I starting writing seriously in high school, and even though all my poems were terrible and immature and image-less and revolved entirely around my future romance with Zac Hanson, no one else around me was writing anything better. When I was in tenth grade, the high school got internet access, and every student was given an email address. Since email was an entirely new concept to all of us (and to the rest of the world), we emailed each other. That is, other students in the high school. While they were sitting in the same computer lab. “Hey Terri!” I would yell to the back of the lab until she looked up. “Go check your email! I just wrote to you!” “Okay!” she’d holler back. We were too fascinated with this new way of passing notes to recognize the irony.

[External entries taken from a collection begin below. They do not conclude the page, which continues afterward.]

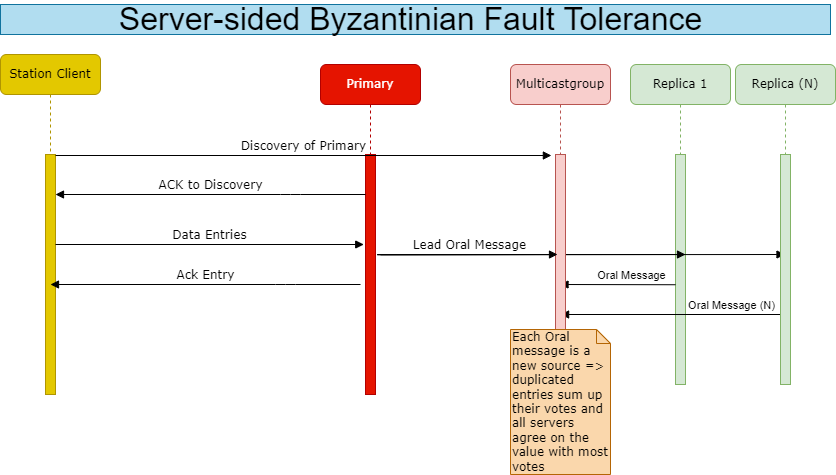

The diagram above was exported from draw.io. Its source (the exported page's mxGraphModel, read from the mxfile embedded in the PNG):
<mxGraphModel dx="1033" dy="685" grid="1" gridSize="10" guides="1" tooltips="1" connect="1" arrows="1" fold="1" page="1" pageScale="1" pageWidth="1100" pageHeight="850" background="none" math="0" shadow="0">
  <root>
    <mxCell id="0" />
    <mxCell id="1" parent="0" />
    <mxCell id="7baba1c4bc27f4b0-2" value="Primary" style="shape=umlLifeline;perimeter=lifelinePerimeter;whiteSpace=wrap;html=1;container=1;collapsible=0;recursiveResize=0;outlineConnect=0;rounded=1;shadow=0;comic=0;labelBackgroundColor=none;strokeWidth=1;fontFamily=Verdana;fontSize=12;align=center;fillColor=#e51400;strokeColor=#B20000;fontColor=#ffffff;" parent="1" vertex="1">
      <mxGeometry x="420" y="90" width="100" height="330" as="geometry" />
    </mxCell>
    <mxCell id="7baba1c4bc27f4b0-10" value="" style="html=1;points=[];perimeter=orthogonalPerimeter;rounded=0;shadow=0;comic=0;labelBackgroundColor=none;strokeWidth=1;fontFamily=Verdana;fontSize=12;align=center;fillColor=#e51400;fontColor=#ffffff;strokeColor=#B20000;" parent="7baba1c4bc27f4b0-2" vertex="1">
      <mxGeometry x="45" y="90" width="10" height="240" as="geometry" />
    </mxCell>
    <mxCell id="7baba1c4bc27f4b0-3" value="Replica 1" style="shape=umlLifeline;perimeter=lifelinePerimeter;whiteSpace=wrap;html=1;container=1;collapsible=0;recursiveResize=0;outlineConnect=0;rounded=1;shadow=0;comic=0;labelBackgroundColor=none;strokeWidth=1;fontFamily=Verdana;fontSize=12;align=center;fillColor=#d5e8d4;strokeColor=#82b366;" parent="1" vertex="1">
      <mxGeometry x="730" y="90" width="100" height="320" as="geometry" />
    </mxCell>
    <mxCell id="7baba1c4bc27f4b0-13" value="" style="html=1;points=[];perimeter=orthogonalPerimeter;rounded=0;shadow=0;comic=0;labelBackgroundColor=none;strokeWidth=1;fontFamily=Verdana;fontSize=12;align=center;fillColor=#d5e8d4;strokeColor=#82b366;" parent="7baba1c4bc27f4b0-3" vertex="1">
      <mxGeometry x="45" y="90" width="10" height="230" as="geometry" />
    </mxCell>
    <mxCell id="qHoKQQgiNaEgUwTRhehC-14" value="" style="html=1;verticalAlign=bottom;endArrow=block;labelBackgroundColor=none;fontFamily=Verdana;fontSize=12;edgeStyle=elbowEdgeStyle;elbow=vertical;entryX=-0.176;entryY=0.374;entryDx=0;entryDy=0;entryPerimeter=0;" edge="1" parent="7baba1c4bc27f4b0-3">
      <mxGeometry relative="1" as="geometry">
        <mxPoint x="-253.24000000000012" y="190.0689655172414" as="sourcePoint" />
        <mxPoint x="55" y="189.76" as="targetPoint" />
      </mxGeometry>
    </mxCell>
    <mxCell id="qHoKQQgiNaEgUwTRhehC-15" value="" style="html=1;verticalAlign=bottom;endArrow=block;labelBackgroundColor=none;fontFamily=Verdana;fontSize=12;edgeStyle=elbowEdgeStyle;elbow=vertical;" edge="1" parent="7baba1c4bc27f4b0-3" target="qHoKQQgiNaEgUwTRhehC-1">
      <mxGeometry relative="1" as="geometry">
        <mxPoint x="-253.24000000000024" y="190.3089655172414" as="sourcePoint" />
        <mxPoint x="55" y="190" as="targetPoint" />
      </mxGeometry>
    </mxCell>
    <mxCell id="qHoKQQgiNaEgUwTRhehC-17" value="" style="html=1;verticalAlign=bottom;endArrow=block;labelBackgroundColor=none;fontFamily=Verdana;fontSize=12;edgeStyle=elbowEdgeStyle;elbow=vertical;" edge="1" parent="7baba1c4bc27f4b0-3" target="qHoKQQgiNaEgUwTRhehC-11">
      <mxGeometry relative="1" as="geometry">
        <mxPoint x="44.99999999999977" y="220.2389655172414" as="sourcePoint" />
        <mxPoint x="-55" y="220" as="targetPoint" />
      </mxGeometry>
    </mxCell>
    <mxCell id="qHoKQQgiNaEgUwTRhehC-20" value="Oral Message" style="edgeLabel;html=1;align=center;verticalAlign=middle;resizable=0;points=[];" vertex="1" connectable="0" parent="qHoKQQgiNaEgUwTRhehC-17">
      <mxGeometry x="-0.0447" y="-1" relative="1" as="geometry">
        <mxPoint x="10" y="-9" as="offset" />
      </mxGeometry>
    </mxCell>
    <mxCell id="qHoKQQgiNaEgUwTRhehC-18" value="" style="html=1;verticalAlign=bottom;endArrow=block;labelBackgroundColor=none;fontFamily=Verdana;fontSize=12;edgeStyle=elbowEdgeStyle;elbow=vertical;" edge="1" parent="7baba1c4bc27f4b0-3" source="qHoKQQgiNaEgUwTRhehC-1">
      <mxGeometry relative="1" as="geometry">
        <mxPoint x="44.99999999999977" y="249.99896551724146" as="sourcePoint" />
        <mxPoint x="-69.90000000000009" y="250.15999999999997" as="targetPoint" />
      </mxGeometry>
    </mxCell>
    <mxCell id="qHoKQQgiNaEgUwTRhehC-19" value="Oral Message (N)" style="edgeLabel;html=1;align=center;verticalAlign=middle;resizable=0;points=[];" vertex="1" connectable="0" parent="qHoKQQgiNaEgUwTRhehC-18">
      <mxGeometry x="0.1926" y="1" relative="1" as="geometry">
        <mxPoint x="80" y="-11" as="offset" />
      </mxGeometry>
    </mxCell>
    <mxCell id="7baba1c4bc27f4b0-8" value="Station Client" style="shape=umlLifeline;perimeter=lifelinePerimeter;whiteSpace=wrap;html=1;container=1;collapsible=0;recursiveResize=0;outlineConnect=0;rounded=1;shadow=0;comic=0;labelBackgroundColor=none;strokeWidth=1;fontFamily=Verdana;fontSize=12;align=center;fillColor=#e3c800;fontColor=#000000;strokeColor=#B09500;" parent="1" vertex="1">
      <mxGeometry x="100" y="80" width="100" height="340" as="geometry" />
    </mxCell>
    <mxCell id="7baba1c4bc27f4b0-9" value="" style="html=1;points=[];perimeter=orthogonalPerimeter;rounded=0;shadow=0;comic=0;labelBackgroundColor=none;strokeWidth=1;fontFamily=Verdana;fontSize=12;align=center;fillColor=#e3c800;fontColor=#000000;strokeColor=#B09500;" parent="7baba1c4bc27f4b0-8" vertex="1">
      <mxGeometry x="45" y="100" width="10" height="240" as="geometry" />
    </mxCell>
    <mxCell id="7baba1c4bc27f4b0-11" value="Discovery of Primary" style="html=1;verticalAlign=bottom;endArrow=block;entryX=-0.412;entryY=0.005;labelBackgroundColor=none;fontFamily=Verdana;fontSize=12;edgeStyle=elbowEdgeStyle;elbow=vertical;entryDx=0;entryDy=0;entryPerimeter=0;" parent="1" source="7baba1c4bc27f4b0-9" target="qHoKQQgiNaEgUwTRhehC-12" edge="1">
      <mxGeometry relative="1" as="geometry">
        <mxPoint x="220" y="190" as="sourcePoint" />
      </mxGeometry>
    </mxCell>
    <mxCell id="qHoKQQgiNaEgUwTRhehC-1" value="Replica (N)" style="shape=umlLifeline;perimeter=lifelinePerimeter;whiteSpace=wrap;html=1;container=1;collapsible=0;recursiveResize=0;outlineConnect=0;rounded=1;shadow=0;comic=0;labelBackgroundColor=none;strokeWidth=1;fontFamily=Verdana;fontSize=12;align=center;fillColor=#d5e8d4;strokeColor=#82b366;" vertex="1" parent="1">
      <mxGeometry x="835" y="90" width="100" height="320" as="geometry" />
    </mxCell>
    <mxCell id="qHoKQQgiNaEgUwTRhehC-2" value="" style="html=1;points=[];perimeter=orthogonalPerimeter;rounded=0;shadow=0;comic=0;labelBackgroundColor=none;strokeWidth=1;fontFamily=Verdana;fontSize=12;align=center;fillColor=#d5e8d4;strokeColor=#82b366;" vertex="1" parent="qHoKQQgiNaEgUwTRhehC-1">
      <mxGeometry x="45" y="90" width="10" height="230" as="geometry" />
    </mxCell>
    <mxCell id="qHoKQQgiNaEgUwTRhehC-4" value="ACK to Discovery" style="html=1;verticalAlign=bottom;endArrow=block;labelBackgroundColor=none;fontFamily=Verdana;fontSize=12;edgeStyle=elbowEdgeStyle;elbow=vertical;" edge="1" parent="1" source="7baba1c4bc27f4b0-10" target="7baba1c4bc27f4b0-9">
      <mxGeometry relative="1" as="geometry">
        <mxPoint x="180" y="220" as="sourcePoint" />
        <mxPoint x="490" y="220.00000000000034" as="targetPoint" />
        <Array as="points">
          <mxPoint x="390" y="220" />
        </Array>
      </mxGeometry>
    </mxCell>
    <mxCell id="qHoKQQgiNaEgUwTRhehC-6" value="Data Entries" style="html=1;verticalAlign=bottom;endArrow=block;labelBackgroundColor=none;fontFamily=Verdana;fontSize=12;edgeStyle=elbowEdgeStyle;elbow=vertical;entryX=-0.176;entryY=0.374;entryDx=0;entryDy=0;entryPerimeter=0;" edge="1" parent="1" source="7baba1c4bc27f4b0-9" target="7baba1c4bc27f4b0-10">
      <mxGeometry relative="1" as="geometry">
        <mxPoint x="160" y="270" as="sourcePoint" />
        <mxPoint x="460" y="270" as="targetPoint" />
      </mxGeometry>
    </mxCell>
    <mxCell id="qHoKQQgiNaEgUwTRhehC-11" value="Multicastgroup" style="shape=umlLifeline;perimeter=lifelinePerimeter;whiteSpace=wrap;html=1;container=1;collapsible=0;recursiveResize=0;outlineConnect=0;rounded=1;shadow=0;comic=0;labelBackgroundColor=none;strokeWidth=1;fontFamily=Verdana;fontSize=12;align=center;fillColor=#f8cecc;strokeColor=#b85450;" vertex="1" parent="1">
      <mxGeometry x="610" y="90" width="100" height="410" as="geometry" />
    </mxCell>
    <mxCell id="qHoKQQgiNaEgUwTRhehC-12" value="" style="html=1;points=[];perimeter=orthogonalPerimeter;rounded=0;shadow=0;comic=0;labelBackgroundColor=none;strokeWidth=1;fontFamily=Verdana;fontSize=12;align=center;fillColor=#f8cecc;strokeColor=#b85450;" vertex="1" parent="qHoKQQgiNaEgUwTRhehC-11">
      <mxGeometry x="45" y="90" width="10" height="230" as="geometry" />
    </mxCell>
    <mxCell id="qHoKQQgiNaEgUwTRhehC-21" value="Each Oral message is a new source =&amp;gt; duplicated entries sum up their votes and all servers agree on the value with most votes" style="shape=note;whiteSpace=wrap;html=1;size=14;verticalAlign=top;align=left;spacingTop=-6;rounded=0;shadow=0;comic=0;labelBackgroundColor=none;strokeWidth=1;fontFamily=Verdana;fontSize=12;fillColor=#fad7ac;strokeColor=#b46504;" vertex="1" parent="qHoKQQgiNaEgUwTRhehC-11">
      <mxGeometry y="265" width="100" height="145" as="geometry" />
    </mxCell>
    <mxCell id="qHoKQQgiNaEgUwTRhehC-13" value="Lead Oral Message" style="html=1;verticalAlign=bottom;endArrow=block;labelBackgroundColor=none;fontFamily=Verdana;fontSize=12;edgeStyle=elbowEdgeStyle;elbow=vertical;entryX=0.2;entryY=0.435;entryDx=0;entryDy=0;entryPerimeter=0;" edge="1" parent="1" target="qHoKQQgiNaEgUwTRhehC-12">
      <mxGeometry relative="1" as="geometry">
        <mxPoint x="479.9999999999999" y="280.34896551724137" as="sourcePoint" />
        <mxPoint x="650" y="280" as="targetPoint" />
        <Array as="points">
          <mxPoint x="470" y="280" />
        </Array>
      </mxGeometry>
    </mxCell>
    <mxCell id="qHoKQQgiNaEgUwTRhehC-23" value="Ack Entry" style="html=1;verticalAlign=bottom;endArrow=block;labelBackgroundColor=none;fontFamily=Verdana;fontSize=12;edgeStyle=elbowEdgeStyle;elbow=vertical;" edge="1" parent="1">
      <mxGeometry relative="1" as="geometry">
        <mxPoint x="460" y="310" as="sourcePoint" />
        <mxPoint x="150.0000000000001" y="310" as="targetPoint" />
        <Array as="points">
          <mxPoint x="385" y="310" />
        </Array>
      </mxGeometry>
    </mxCell>
    <mxCell id="qHoKQQgiNaEgUwTRhehC-25" value="Server-sided Byzantinian Fault Tolerance&amp;nbsp;" style="text;html=1;strokeColor=#10739e;fillColor=#b1ddf0;align=center;verticalAlign=middle;whiteSpace=wrap;rounded=0;fontSize=32;" vertex="1" parent="1">
      <mxGeometry x="100" y="30" width="830" height="30" as="geometry" />
    </mxCell>
  </root>
</mxGraphModel>

One study hall, with a pass to the lab, I was emailing Terri, who sat beside me, probably emailing me. I wrote:
Hey Terri,
We should probably look into the cost of renting an RV for our big roadtrrip.
I caught the extra r right away, but as I moved my pinkie to backspace to the offending letter, something struck me. I was going to delete the i and the p as well—and they hadn’t done anything wrong. They didn’t deserve to be deleted in such a quick, thoughtless manner—I mean, just because there was an extra, useless r in the word didn’t mean that I had to get rid of the original i and p as well. They were serving their purposes just fine, and there was no need to—in a sense—fire and replace them when they were in the right spots, doing the right things.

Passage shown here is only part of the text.